Hakan Bahçeci
Hakan Bahçeci Ne Kuşmuş Arkadaş

Ne Kuşmuş Arkadaş

Mavi bir kuş girdi sanal hayatımıza yaklaşık sekiz yıl önce. Sanal hayatımız ne zaman başladı bilemiyorum, sanal bir hayat var mı bilmek istemediğimdendir. Ülkemizde yaygın hale gelmesi de pek uzun bir zaman değil, şunun şurasında üç beş yıl. Lakin nasıl oldu da özgürlüğün tek simgesi, temsilcisi, maskotu oldu?

Malum, bahsettiğimiz kuş hani şu 140 yüz kırk karakteri “boşluklar dâhil” geçince cıvıldamayı kesen hafif ukala, biraz bitirim, sesi cisminden çok çıkan twit kuşu. “ne kuşmuş arkadaş!” dedirten son Truva atının son askerlerinden biri. Özgürlüğü, Birleşik Devletlerin sıradan bir şirketinin simgesi üzerinden Türkiye’de pazarlamak, özgürlüğün onlar için başka bir şey olduğunu yeniden yinelemiş oldu.
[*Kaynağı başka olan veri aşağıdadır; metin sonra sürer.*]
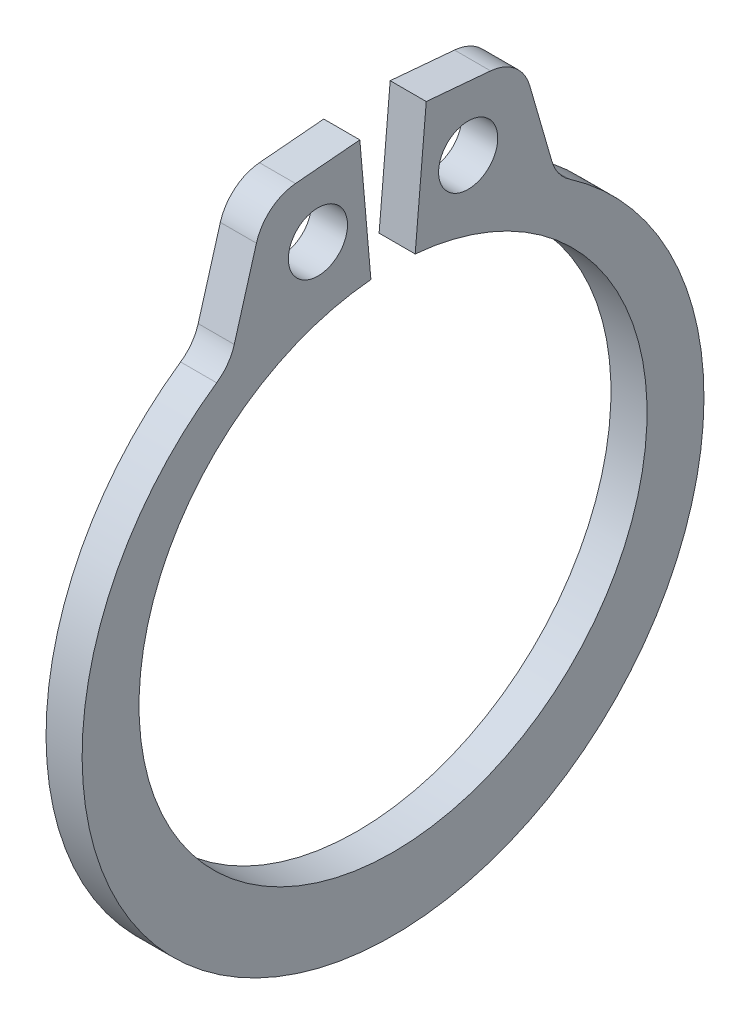
ISO-10303-21;
HEADER;
FILE_DESCRIPTION(('STEP AP214'),'2;1');
FILE_NAME('part.step','',(''),(''),'','','');
FILE_SCHEMA(('AUTOMOTIVE_DESIGN { 1 0 10303 214 1 1 1 1 }'));
ENDSEC;
DATA;
#1=APPLICATION_CONTEXT('core data for automotive mechanical design processes');
#2=APPLICATION_PROTOCOL_DEFINITION('international standard','automotive_design',2000,#1);
#3=PRODUCT_CONTEXT('',#1,'mechanical');
#4=PRODUCT('Part','Part','',(#3));
#5=PRODUCT_RELATED_PRODUCT_CATEGORY('part','',(#4));
#6=PRODUCT_DEFINITION_FORMATION('','',#4);
#7=PRODUCT_DEFINITION_CONTEXT('part definition',#1,'design');
#8=PRODUCT_DEFINITION('design','',#6,#7);
#9=PRODUCT_DEFINITION_SHAPE('','',#8);
#10=(LENGTH_UNIT() NAMED_UNIT(*) SI_UNIT(.MILLI.,.METRE.));
#11=(NAMED_UNIT(*) PLANE_ANGLE_UNIT() SI_UNIT($,.RADIAN.));
#12=(NAMED_UNIT(*) SI_UNIT($,.STERADIAN.) SOLID_ANGLE_UNIT());
#13=UNCERTAINTY_MEASURE_WITH_UNIT(LENGTH_MEASURE(1.E-05),#10,'distance_accuracy_value','');
#14=(GEOMETRIC_REPRESENTATION_CONTEXT(3) GLOBAL_UNCERTAINTY_ASSIGNED_CONTEXT((#13)) GLOBAL_UNIT_ASSIGNED_CONTEXT((#10,
#11,#12)) REPRESENTATION_CONTEXT('',''));
#15=CARTESIAN_POINT('',(0.,0.,0.));
#16=DIRECTION('',(0.,0.,1.));
#17=DIRECTION('',(1.,0.,0.));
#18=AXIS2_PLACEMENT_3D('',#15,#16,#17);
#19=CARTESIAN_POINT('',(0.3175,0.,0.));
#20=DIRECTION('',(1.,0.,0.));
#21=DIRECTION('',(0.,0.,-1.));
#22=AXIS2_PLACEMENT_3D('',#19,#20,#21);
#23=PLANE('',#22);
#24=CARTESIAN_POINT('',(0.3175,5.49368202936559,1.32203668641442));
#25=DIRECTION('',(1.,0.,0.));
#26=DIRECTION('',(0.,0.,-1.));
#27=AXIS2_PLACEMENT_3D('',#24,#25,#26);
#28=CIRCLE('',#27,0.5207);
#29=CARTESIAN_POINT('',(0.3175,5.49368202936559,0.801336686414417));
#30=VERTEX_POINT('',#29);
#31=EDGE_CURVE('E222',#30,#30,#28,.T.);
#32=ORIENTED_EDGE('',*,*,#31,.F.);
#33=EDGE_LOOP('',(#32));
#34=FACE_BOUND('',#33,.T.);
#35=DIRECTION('',(0.,-0.0871557427476583,0.996194698091745));
#36=VECTOR('',#35,1.);
#37=CARTESIAN_POINT('',(0.3175,6.68008316752401,0.584431548568699));
#38=LINE('',#37,#36);
#39=CARTESIAN_POINT('',(0.3175,6.68008316752401,0.584431548568699));
#40=VERTEX_POINT('',#39);
#41=CARTESIAN_POINT('',(0.3175,6.58102849769202,1.71663160558108));
#42=VERTEX_POINT('',#41);
#43=EDGE_CURVE('E134',#40,#42,#38,.T.);
#44=ORIENTED_EDGE('',*,*,#43,.T.);
#45=CARTESIAN_POINT('',(0.3175,5.79662479241458,1.64800517374158));
#46=DIRECTION('',(1.,0.,0.));
#47=DIRECTION('',(0.,0.,-1.));
#48=AXIS2_PLACEMENT_3D('',#45,#46,#47);
#49=CIRCLE('',#48,0.7874);
#50=CARTESIAN_POINT('',(0.3175,6.0153466835661,2.40441742531548));
#51=VERTEX_POINT('',#50);
#52=EDGE_CURVE('E175',#42,#51,#49,.T.);
#53=ORIENTED_EDGE('',*,*,#52,.T.);
#54=DIRECTION('',(0.,-0.96064548078982,0.277777357317143));
#55=VECTOR('',#54,1.);
#56=CARTESIAN_POINT('',(0.3175,6.53397528038183,2.2544523404497));
#57=LINE('',#56,#55);
#58=CARTESIAN_POINT('',(0.3175,4.66724971906374,2.79422908809335));
#59=VERTEX_POINT('',#58);
#60=EDGE_CURVE('E214',#51,#59,#57,.T.);
#61=ORIENTED_EDGE('',*,*,#60,.T.);
#62=CARTESIAN_POINT('',(0.3175,4.88597161021526,3.55064133966726));
#63=DIRECTION('',(1.,0.,0.));
#64=DIRECTION('',(0.,0.,-1.));
#65=AXIS2_PLACEMENT_3D('',#62,#63,#64);
#66=CIRCLE('',#65,0.7874);
#67=CARTESIAN_POINT('',(0.3175,4.23752329507568,3.10397195120119));
#68=VERTEX_POINT('',#67);
#69=EDGE_CURVE('E182',#59,#68,#66,.F.);
#70=ORIENTED_EDGE('',*,*,#69,.T.);
#71=CARTESIAN_POINT('',(0.3175,-0.268640399976462,0.));
#72=DIRECTION('',(1.,0.,0.));
#73=DIRECTION('',(0.,0.,-1.));
#74=AXIS2_PLACEMENT_3D('',#71,#72,#73);
#75=CIRCLE('',#74,5.47175960002354);
#76=CARTESIAN_POINT('',(0.3175,4.23752329507568,-3.10397195120119));
#77=VERTEX_POINT('',#76);
#78=EDGE_CURVE('E207',#68,#77,#75,.T.);
#79=ORIENTED_EDGE('',*,*,#78,.T.);
#80=CARTESIAN_POINT('',(0.3175,4.88597161021526,-3.55064133966726));
#81=DIRECTION('',(1.,0.,0.));
#82=DIRECTION('',(0.,0.,-1.));
#83=AXIS2_PLACEMENT_3D('',#80,#81,#82);
#84=CIRCLE('',#83,0.7874);
#85=CARTESIAN_POINT('',(0.3175,4.66724971906374,-2.79422908809335));
#86=VERTEX_POINT('',#85);
#87=EDGE_CURVE('E11',#77,#86,#84,.F.);
#88=ORIENTED_EDGE('',*,*,#87,.T.);
#89=DIRECTION('',(0.,0.96064548078982,0.277777357317143));
#90=VECTOR('',#89,1.);
#91=CARTESIAN_POINT('',(0.3175,6.53397528038183,-2.2544523404497));
#92=LINE('',#91,#90);
#93=CARTESIAN_POINT('',(0.3175,6.0153466835661,-2.40441742531548));
#94=VERTEX_POINT('',#93);
#95=EDGE_CURVE('E206',#86,#94,#92,.T.);
#96=ORIENTED_EDGE('',*,*,#95,.T.);
#97=CARTESIAN_POINT('',(0.3175,5.79662479241458,-1.64800517374158));
#98=DIRECTION('',(1.,0.,0.));
#99=DIRECTION('',(0.,0.,-1.));
#100=AXIS2_PLACEMENT_3D('',#97,#98,#99);
#101=CIRCLE('',#100,0.7874);
#102=CARTESIAN_POINT('',(0.3175,6.58102849769202,-1.71663160558108));
#103=VERTEX_POINT('',#102);
#104=EDGE_CURVE('E50',#94,#103,#101,.T.);
#105=ORIENTED_EDGE('',*,*,#104,.T.);
#106=DIRECTION('',(0.,0.0871557427476583,0.996194698091745));
#107=VECTOR('',#106,1.);
#108=CARTESIAN_POINT('',(0.3175,6.68008316752401,-0.584431548568699));
#109=LINE('',#108,#107);
#110=CARTESIAN_POINT('',(0.3175,6.68008316752401,-0.584431548568699));
#111=VERTEX_POINT('',#110);
#112=EDGE_CURVE('E211',#103,#111,#109,.T.);
#113=ORIENTED_EDGE('',*,*,#112,.T.);
#114=DIRECTION('',(0.,-0.996194698091745,0.0871557427476585));
#115=VECTOR('',#114,1.);
#116=CARTESIAN_POINT('',(0.3175,4.45338877834934,-0.389621032379132));
#117=LINE('',#116,#115);
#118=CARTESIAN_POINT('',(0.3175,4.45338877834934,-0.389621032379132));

Bahsi geçen şirket bizzat Amerika’da kuruldu. Atılan her mesajın şirkete para kazandırdığı biliniyor. Normal şartlarda para kazanma üzerine kurulmuş tüm diğer şirketler gibi rakip olarak görülmesi gerekirken tüm para babaları kuşa arka çıktı. Amerikalı bir hayat tarzının, hızlı davranıp bir an önce netice almayı hedeflemiş kapitalist zihniyetin en güzel örneklerinden biri…

Bunları biliyoruz, şahsım da dâhil bir twitter hesabı olan Müslümanlar sayısı az değil. Teknolojinin hayatımıza cismen girmiş bu hallerine burada cevaz vermeye ya da haram etmeye kalkacak değilim. Lakin Müslümanların bile özgürlükten bahsederken bu kuşcağızı örnek vermeleri, kapatılan her gün için neredeyse yas tutmaları,  dünya düzeni açısından ne büyük kazançtır.

Neden mi böyle dedim, bizzat şahit olduğum konuşmayı anlatayım; konuşmaya ortak olanlar öğretmen, sabah ilk ders öncesi, mekân öğretmenler odası. İlk ifade “duydunuz mu, kapatmışlar twitteri” cevap, “bunların 140 karaktere bile tahammülü yok!” bu cümleleri herhangi bir köşe yazarı da diyor, doğrudur. Odaya giren bir diğeri, konuşmadan habersiz “bak gördünüz mü, kapatmışlar, dediydim ben size!” Sözün sahibi başörtüsüyle derse giremediği için yıllarca peruk takmış, başını açmak durumunda kalmış şimdilerde başörtüsüyle derse giren bir kamu çalışanı.

İnancı gereği başını örten Müslüman bir hanım, sahiplerinin Yahudi olduğu bilinen yabancı bir şirketi hem de özgürlükler açısından savunur hale gelmiş. Yetmemiş, sabahı zor etmiş, daha selam vermeden haberi yetiştirmiş. Hesabınız var mı diye soracak oldum, telefonuna bakınca vazgeçtim.

Tüm çabası ufak ufak insanları tırtıklamak olan kapitalist kafalı bir kuşun geldiği noktada “kuş kafalı ama boş kafalı değil” dedirtecek cinsten. Müslümanlara dokunması gereken şey özgürlüğü bu kuşla savunuyor olmak değil de nedir? Onca özgürlüğümüz hala elimizde değilken.

Müslüman en azından konuştuğu dil olarak gayrimüslimlerden ayrılmak zorunda değil midir? Avrupalı, batılı ve Amerikan vatandaşı ağzıyla konuşmak ağır gelmeli değil mi bize? Paralel maralel demem de bilmem de ama tüm resmi usul ve aşamaları aşıp anayasa mahkemesini bile özgürlük adına cıvıldatan kuş sevinçten şakıyordur şimdi.